Soldan sağa: Rabia Güreli, Ali Güreli, BMW Pazarlama Direktörü Gözde Günçe Gedik.
 
Yine fuar misafirinin bu yıl ABD olacağını öğrendik. Peki fuara bu günlerde hangi ABD’yi, hangi galeri ve sanatçıları çağırmış durumdasınız?
 
Biz siyasi ve ticari ABD’yi çağırmadık ama son ziyaretimizde gittiğimiz Brooklyn Müzesi, The New Museum gibi kurumlarla görüştük. Yine Mayıs’ın dördünde, Guggenheim ile bir görüşme adına yola çıkıyoruz.
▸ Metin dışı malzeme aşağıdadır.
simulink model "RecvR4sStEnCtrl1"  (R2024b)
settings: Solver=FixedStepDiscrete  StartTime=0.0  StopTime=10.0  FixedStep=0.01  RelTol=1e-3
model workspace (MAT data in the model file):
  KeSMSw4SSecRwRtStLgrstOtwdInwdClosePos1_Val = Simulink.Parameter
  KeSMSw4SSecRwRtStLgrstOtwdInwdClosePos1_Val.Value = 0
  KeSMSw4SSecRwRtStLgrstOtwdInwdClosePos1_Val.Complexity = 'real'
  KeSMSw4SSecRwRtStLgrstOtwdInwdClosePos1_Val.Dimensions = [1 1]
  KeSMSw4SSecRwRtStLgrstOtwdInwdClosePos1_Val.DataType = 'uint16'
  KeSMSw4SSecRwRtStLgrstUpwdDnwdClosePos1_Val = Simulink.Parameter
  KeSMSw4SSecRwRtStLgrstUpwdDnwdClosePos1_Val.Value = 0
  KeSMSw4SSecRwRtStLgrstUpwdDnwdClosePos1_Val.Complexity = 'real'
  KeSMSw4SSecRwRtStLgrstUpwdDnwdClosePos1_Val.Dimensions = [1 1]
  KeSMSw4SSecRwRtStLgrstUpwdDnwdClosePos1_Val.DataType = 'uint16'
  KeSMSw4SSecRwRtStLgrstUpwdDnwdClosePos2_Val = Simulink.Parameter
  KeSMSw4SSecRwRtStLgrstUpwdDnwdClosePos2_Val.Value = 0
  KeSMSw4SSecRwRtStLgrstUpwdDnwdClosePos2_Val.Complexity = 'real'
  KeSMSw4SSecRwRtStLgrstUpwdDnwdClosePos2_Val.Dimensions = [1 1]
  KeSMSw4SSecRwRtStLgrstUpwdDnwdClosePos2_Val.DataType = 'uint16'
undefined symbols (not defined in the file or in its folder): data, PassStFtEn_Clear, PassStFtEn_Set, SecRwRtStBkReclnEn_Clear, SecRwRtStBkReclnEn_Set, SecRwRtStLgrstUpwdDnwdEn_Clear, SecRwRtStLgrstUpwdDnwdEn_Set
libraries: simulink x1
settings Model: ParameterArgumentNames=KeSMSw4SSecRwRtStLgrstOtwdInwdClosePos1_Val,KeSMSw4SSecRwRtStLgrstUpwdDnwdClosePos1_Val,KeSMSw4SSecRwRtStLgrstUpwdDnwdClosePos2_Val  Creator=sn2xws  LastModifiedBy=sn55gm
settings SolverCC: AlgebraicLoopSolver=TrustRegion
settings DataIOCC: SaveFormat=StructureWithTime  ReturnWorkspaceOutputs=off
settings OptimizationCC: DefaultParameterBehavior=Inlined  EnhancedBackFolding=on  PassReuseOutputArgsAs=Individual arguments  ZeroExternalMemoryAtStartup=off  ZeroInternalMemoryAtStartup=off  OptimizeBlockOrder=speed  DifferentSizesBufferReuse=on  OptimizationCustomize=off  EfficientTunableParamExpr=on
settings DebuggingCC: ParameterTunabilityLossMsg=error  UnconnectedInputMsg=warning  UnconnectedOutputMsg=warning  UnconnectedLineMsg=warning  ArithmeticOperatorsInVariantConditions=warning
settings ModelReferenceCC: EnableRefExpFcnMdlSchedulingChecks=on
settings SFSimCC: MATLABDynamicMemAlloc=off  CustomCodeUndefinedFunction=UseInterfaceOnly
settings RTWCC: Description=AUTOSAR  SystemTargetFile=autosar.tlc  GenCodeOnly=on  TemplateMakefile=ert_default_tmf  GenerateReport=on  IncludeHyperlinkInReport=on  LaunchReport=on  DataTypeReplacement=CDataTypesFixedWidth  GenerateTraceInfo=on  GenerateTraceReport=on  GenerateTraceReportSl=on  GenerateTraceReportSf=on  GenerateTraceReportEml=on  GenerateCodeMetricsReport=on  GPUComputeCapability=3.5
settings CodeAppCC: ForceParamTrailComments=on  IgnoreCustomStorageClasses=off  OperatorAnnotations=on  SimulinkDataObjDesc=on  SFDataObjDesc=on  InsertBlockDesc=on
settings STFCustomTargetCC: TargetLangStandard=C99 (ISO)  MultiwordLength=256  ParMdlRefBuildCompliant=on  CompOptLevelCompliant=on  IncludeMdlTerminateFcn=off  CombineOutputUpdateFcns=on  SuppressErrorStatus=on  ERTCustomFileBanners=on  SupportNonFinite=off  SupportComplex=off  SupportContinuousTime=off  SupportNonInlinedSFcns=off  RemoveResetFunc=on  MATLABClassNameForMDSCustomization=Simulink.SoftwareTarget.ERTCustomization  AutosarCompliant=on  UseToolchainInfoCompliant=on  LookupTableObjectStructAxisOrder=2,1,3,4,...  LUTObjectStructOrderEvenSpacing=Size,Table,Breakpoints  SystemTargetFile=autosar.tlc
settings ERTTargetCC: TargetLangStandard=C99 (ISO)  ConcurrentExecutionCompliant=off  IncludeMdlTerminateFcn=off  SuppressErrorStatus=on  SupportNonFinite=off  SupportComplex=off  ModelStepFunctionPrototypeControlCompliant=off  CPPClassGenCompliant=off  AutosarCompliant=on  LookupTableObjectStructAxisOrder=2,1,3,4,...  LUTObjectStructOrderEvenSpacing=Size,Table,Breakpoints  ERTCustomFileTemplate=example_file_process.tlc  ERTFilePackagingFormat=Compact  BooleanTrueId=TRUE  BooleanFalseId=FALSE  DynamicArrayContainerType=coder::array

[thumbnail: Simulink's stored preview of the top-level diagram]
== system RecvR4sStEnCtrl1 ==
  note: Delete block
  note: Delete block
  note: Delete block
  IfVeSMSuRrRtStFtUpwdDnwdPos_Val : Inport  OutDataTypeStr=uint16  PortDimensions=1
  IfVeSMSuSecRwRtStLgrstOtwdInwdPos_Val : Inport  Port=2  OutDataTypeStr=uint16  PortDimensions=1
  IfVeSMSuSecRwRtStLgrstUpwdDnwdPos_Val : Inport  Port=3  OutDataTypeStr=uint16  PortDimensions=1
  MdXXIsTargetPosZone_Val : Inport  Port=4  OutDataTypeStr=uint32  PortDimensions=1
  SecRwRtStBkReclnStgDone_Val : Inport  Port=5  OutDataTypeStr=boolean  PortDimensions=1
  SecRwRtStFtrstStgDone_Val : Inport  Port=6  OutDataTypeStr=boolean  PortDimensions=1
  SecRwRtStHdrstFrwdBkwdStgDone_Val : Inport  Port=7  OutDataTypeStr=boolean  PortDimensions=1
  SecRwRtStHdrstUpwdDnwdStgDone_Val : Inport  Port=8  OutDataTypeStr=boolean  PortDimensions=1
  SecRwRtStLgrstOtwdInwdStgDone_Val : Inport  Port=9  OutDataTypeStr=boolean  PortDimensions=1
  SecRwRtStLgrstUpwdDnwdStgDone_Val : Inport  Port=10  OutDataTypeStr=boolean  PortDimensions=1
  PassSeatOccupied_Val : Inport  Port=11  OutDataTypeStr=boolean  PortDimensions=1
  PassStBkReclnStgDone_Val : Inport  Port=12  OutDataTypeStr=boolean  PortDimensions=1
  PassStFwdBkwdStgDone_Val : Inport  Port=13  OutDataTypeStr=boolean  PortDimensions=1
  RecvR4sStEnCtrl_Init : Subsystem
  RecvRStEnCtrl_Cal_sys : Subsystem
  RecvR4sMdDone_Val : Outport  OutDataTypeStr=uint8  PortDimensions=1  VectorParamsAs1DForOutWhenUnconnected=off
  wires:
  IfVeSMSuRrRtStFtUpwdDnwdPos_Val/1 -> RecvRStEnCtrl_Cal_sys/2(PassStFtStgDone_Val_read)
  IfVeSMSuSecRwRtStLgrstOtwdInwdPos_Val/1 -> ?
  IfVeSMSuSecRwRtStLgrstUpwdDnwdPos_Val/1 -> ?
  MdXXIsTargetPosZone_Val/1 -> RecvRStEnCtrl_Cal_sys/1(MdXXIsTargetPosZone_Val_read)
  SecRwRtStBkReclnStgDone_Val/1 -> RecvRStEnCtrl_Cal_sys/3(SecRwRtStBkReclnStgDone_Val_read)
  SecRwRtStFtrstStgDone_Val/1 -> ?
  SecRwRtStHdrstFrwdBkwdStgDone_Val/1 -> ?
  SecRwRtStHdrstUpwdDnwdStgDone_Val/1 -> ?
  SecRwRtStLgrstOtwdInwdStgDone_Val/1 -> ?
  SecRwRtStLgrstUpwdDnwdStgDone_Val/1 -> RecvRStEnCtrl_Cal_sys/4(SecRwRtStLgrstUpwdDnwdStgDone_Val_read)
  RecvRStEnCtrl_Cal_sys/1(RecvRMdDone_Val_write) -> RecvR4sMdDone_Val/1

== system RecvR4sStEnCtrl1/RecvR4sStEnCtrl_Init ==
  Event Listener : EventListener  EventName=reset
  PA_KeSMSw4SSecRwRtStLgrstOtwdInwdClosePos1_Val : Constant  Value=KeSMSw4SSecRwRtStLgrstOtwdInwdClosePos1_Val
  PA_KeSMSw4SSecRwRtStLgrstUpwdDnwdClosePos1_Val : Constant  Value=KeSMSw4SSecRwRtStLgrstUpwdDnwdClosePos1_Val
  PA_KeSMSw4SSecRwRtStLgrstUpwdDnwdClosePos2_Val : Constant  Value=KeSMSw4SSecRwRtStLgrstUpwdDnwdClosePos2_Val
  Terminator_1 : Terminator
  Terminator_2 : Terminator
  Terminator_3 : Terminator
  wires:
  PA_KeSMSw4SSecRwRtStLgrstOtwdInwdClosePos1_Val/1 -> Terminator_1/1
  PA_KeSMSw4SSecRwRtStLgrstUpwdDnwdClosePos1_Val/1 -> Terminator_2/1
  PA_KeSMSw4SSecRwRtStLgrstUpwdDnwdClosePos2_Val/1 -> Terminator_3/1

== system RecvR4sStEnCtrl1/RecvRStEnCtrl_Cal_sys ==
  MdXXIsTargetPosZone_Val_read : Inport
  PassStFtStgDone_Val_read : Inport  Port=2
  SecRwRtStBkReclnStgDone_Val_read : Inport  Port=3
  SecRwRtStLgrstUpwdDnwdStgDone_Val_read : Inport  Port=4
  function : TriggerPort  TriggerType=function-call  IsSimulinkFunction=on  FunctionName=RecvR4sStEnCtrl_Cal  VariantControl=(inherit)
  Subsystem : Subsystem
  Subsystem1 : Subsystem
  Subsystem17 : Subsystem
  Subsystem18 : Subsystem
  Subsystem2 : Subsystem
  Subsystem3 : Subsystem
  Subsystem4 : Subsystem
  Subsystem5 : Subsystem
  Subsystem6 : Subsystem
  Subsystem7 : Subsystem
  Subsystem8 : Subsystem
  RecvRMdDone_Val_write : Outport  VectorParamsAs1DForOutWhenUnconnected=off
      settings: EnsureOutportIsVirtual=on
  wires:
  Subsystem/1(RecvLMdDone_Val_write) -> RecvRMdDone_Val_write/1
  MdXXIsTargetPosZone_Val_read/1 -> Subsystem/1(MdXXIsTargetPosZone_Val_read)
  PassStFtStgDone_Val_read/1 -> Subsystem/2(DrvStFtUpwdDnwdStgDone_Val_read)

Bunun gibi Alexander Calder Foundation ile görüşeceğiz. Onlarla sadece bir araba boyutunda değil, daha da yakından işbirliği yapmak için gidiyoruz. Çok önemli bir vakıf. Ve ABD’nin tabii, sosyal ve kültürel dünyasına yönelik bir çalışmamız var. Ve o dünyanın, sorunuzun içindeki ‘öbür Amerika’ ile olan rahatsızlıklarını yaşıyorlar ve kendilerinden bunu da dinliyoruz, dertleşiyoruz. Sanat galerileri tabii ki önemli ama bu müzelerin ayakta kalması ve daha büyük işler yapması için büyük hibeler yapan koleksiyoner, kurum ve kişileri, İstanbul’a davet ediyoruz. Şunu da paylaşmak isterim: İlk ve ikinci seyahatimizde çok olumlu bir karşılık aldık. Ben önemli bir kitlenin eylül ayında İstanbul’a seyahat edeceğini düşünüyorum. Burada İstanbul Bienali’nin ‘Altın Boynuz’un varlığı önemli. Yine, Bienal döneminde İstanbul’un önde gelen çağdaş sanat müzelerinin açacağı sergiler ve bunların duyurulması ile İstanbul’un eylül ayında kaynamasının, hepimiz adına iyi bir verecek olduğunu düşünüyorum.
 
CI Bloom 2025 katılımcı galeri ve kurumları
 
Galeriler: 44A/Sıtkı Kösemen, Anna Laudel Gallery, Art On İstanbul, BelmArt Space, Bozlu Art Project, C.A.M., Chi Art Gallery, DG Art Gallery, Dirimart, Galeri 77, Gülden Bostancı Gallery, Martch Art Project, Muse Contemporary, One Arc Gallery, Öktem Aykut, Pi Artworks, Pilot Gallery, Piramid Sanat, Rıdvan Kuday Gallery, RD Sanat Alanı, Simbart Projects, Summart, Taksim Sanat, The Key Art Gallery, Vision Art Platform, Zilberman – İnisiyatifler: Noks Art Space, Koli Art Space, Loading Art Space, Deha Çun.